I went with rock. Far more sanitary and easy to keep that way. Mulch is . . .in a word, yuk! It stnks, too.


----------



## RonE

> Pea gravel is efficient at drainage and the larger sizes of it isn't tracked into the house too much.


Shouldn't that be pee gravel?


----------



## winniec777

We've used a mulched area for 4 years with no issues. There's no smell and the mulch is easy to top off and replace when needed. Just be sure to pick up after every poo. You can spray every so often with a water/bleach solution (10 parts water/1 bleach), but I'll admit that's not as effective as it would be on pea/pee (!) gravel.
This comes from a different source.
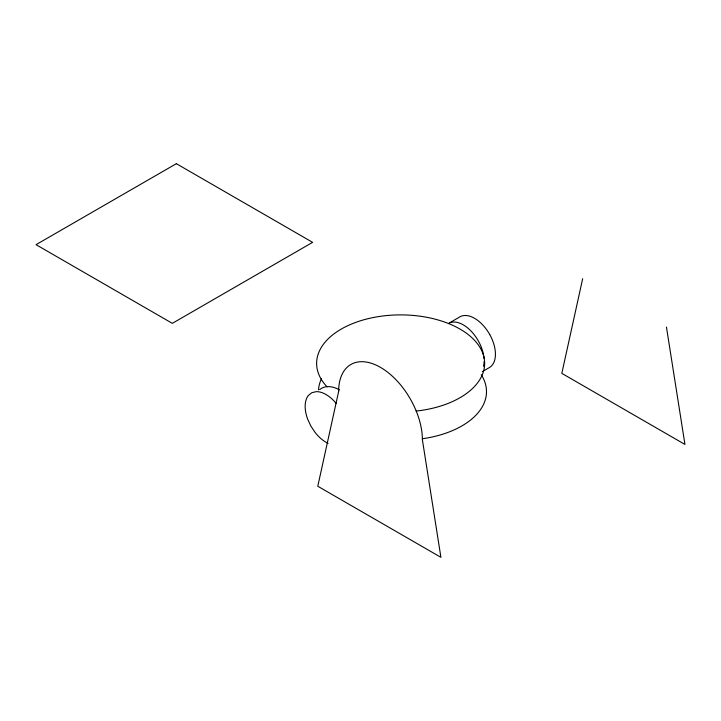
<?xml version="1.0" encoding="UTF-8"?>
<svg xmlns="http://www.w3.org/2000/svg" width="721" height="721" viewBox="0 0 721 721"><rect width="100%" height="100%" fill="white"/><g stroke="black" fill="none" stroke-linecap="round" stroke-linejoin="round"><path stroke-width="1.08" d="M582.667 278.703L561.821 373.361L684.95 444.442L666.456 327.082M319.718 389.61C325.36 384.717 333.598 386.492 339.528 389.917M482.268 371.666L488.874 367.854A29.146 16.826 60 0 0 489.775 334.598M327.127 386.88A84.015 48.505 0 0 1 368.016 318.691A84.015 48.505 0 0 1 481.087 349.424A84.015 48.505 0 0 1 416.116 411.069M483.998 358.319A29.146 16.826 60 0 0 478.456 341.141A29.534 17.052 60 0 0 449.039 323.143L460.358 316.591A29.534 17.052 60 0 1 489.766 334.607M484.097 361.491A29.146 16.826 60 0 1 483.467 366.286M328.118 443.37A29.741 17.169 60 0 1 315.041 432.375L310.823 425.994L307.642 419.09A29.029 16.763 60 0 1 308.273 395.586L311.715 392.747L316.14 391.656A29.741 17.169 60 0 1 336.337 403.589M481.231 374.731A84.015 48.505 0 0 1 422.281 438.765M318.52 389.836A84.015 48.505 0 0 1 321.467 378.759M338.618 391.584L317.781 486.242L440.91 557.324L422.416 439.963A59.248 34.211 60 0 0 380.517 367.395A59.248 34.211 60 0 0 338.618 391.584M176.348 163.676L36.05 244.671L172.319 323.35L312.617 242.346L176.348 163.676"/></g></svg>

Our potty area is part of the landscaping - it's connected to a low berm with bushes, another line of evergreens that form a low screen, and there's a tree planted on one side of it. Although pea gravel performs better as a potty area, I like the look of it integrated into the landscape vs. having it be an obvious separate area used for a doggy bathroom.


----------



## PaulM

Hello, I am new here, and I have a puzzling situation, my wife and I built our dog (Izzie) a very nice 4 x 12 with 3/4" river rock outdoor spot, she goes there 99% pf the time, except when the area wet from rain or grass watering, does someone have an idea as to why?
Thanks


----------



## hanksimon

Guessing - Some small dogs don't like the feeling of getting their feet wet. My dog is a large Lab, who loves water ... and puddles :-( 
But he tries not to get his feet wet in the back yard... possibly, because he really doesn't like it when I dry his feet! How large and what type of dog is Izzie?


@RonE: Pea gravel is useful for good landscaping. But pee gravel is more efficient for drainage... so you are correct ... ;-)


----------



## PaulM

Hello HankSimon, 
Izzie is a 65lbs GoldenDoodle
Thanks


----------



## hanksimon

No clue, except a learned response that might be similar to my Lab. If Izzie gets her paws wet, do you dry them off ? Most dogs really don't like to have their paws handled (the tops are sensitive, and the Webbing between the toes appears to be sensitive... for dogs with webbed feet). You can train them 'not to mind' as much by providing treats.

I imagine that a golden doodle loves water...


----------



## PaulM

Thanks Hank,
Izzie does love the water, and she does not mind when her feet get wet and we have to dry them.


----------



## hanksimon

... No other guesses


----------



## Chris / Oakley

I know this is an old thread, but I am hoping I can get some feedback on my plans. We have a small city lot of 33 x 110, but the back yard is only 30'x30' after the patio and parking, etc. We have 2 Lab-Mixes, Oakley is 75lbs and Juno is 60lbs. Our yard is basically dead and we are trying to fix it up what little we have for our 2 daughters to have some clean room to play, one that is 21 months and the other should be here in about a month unless she decides to come early.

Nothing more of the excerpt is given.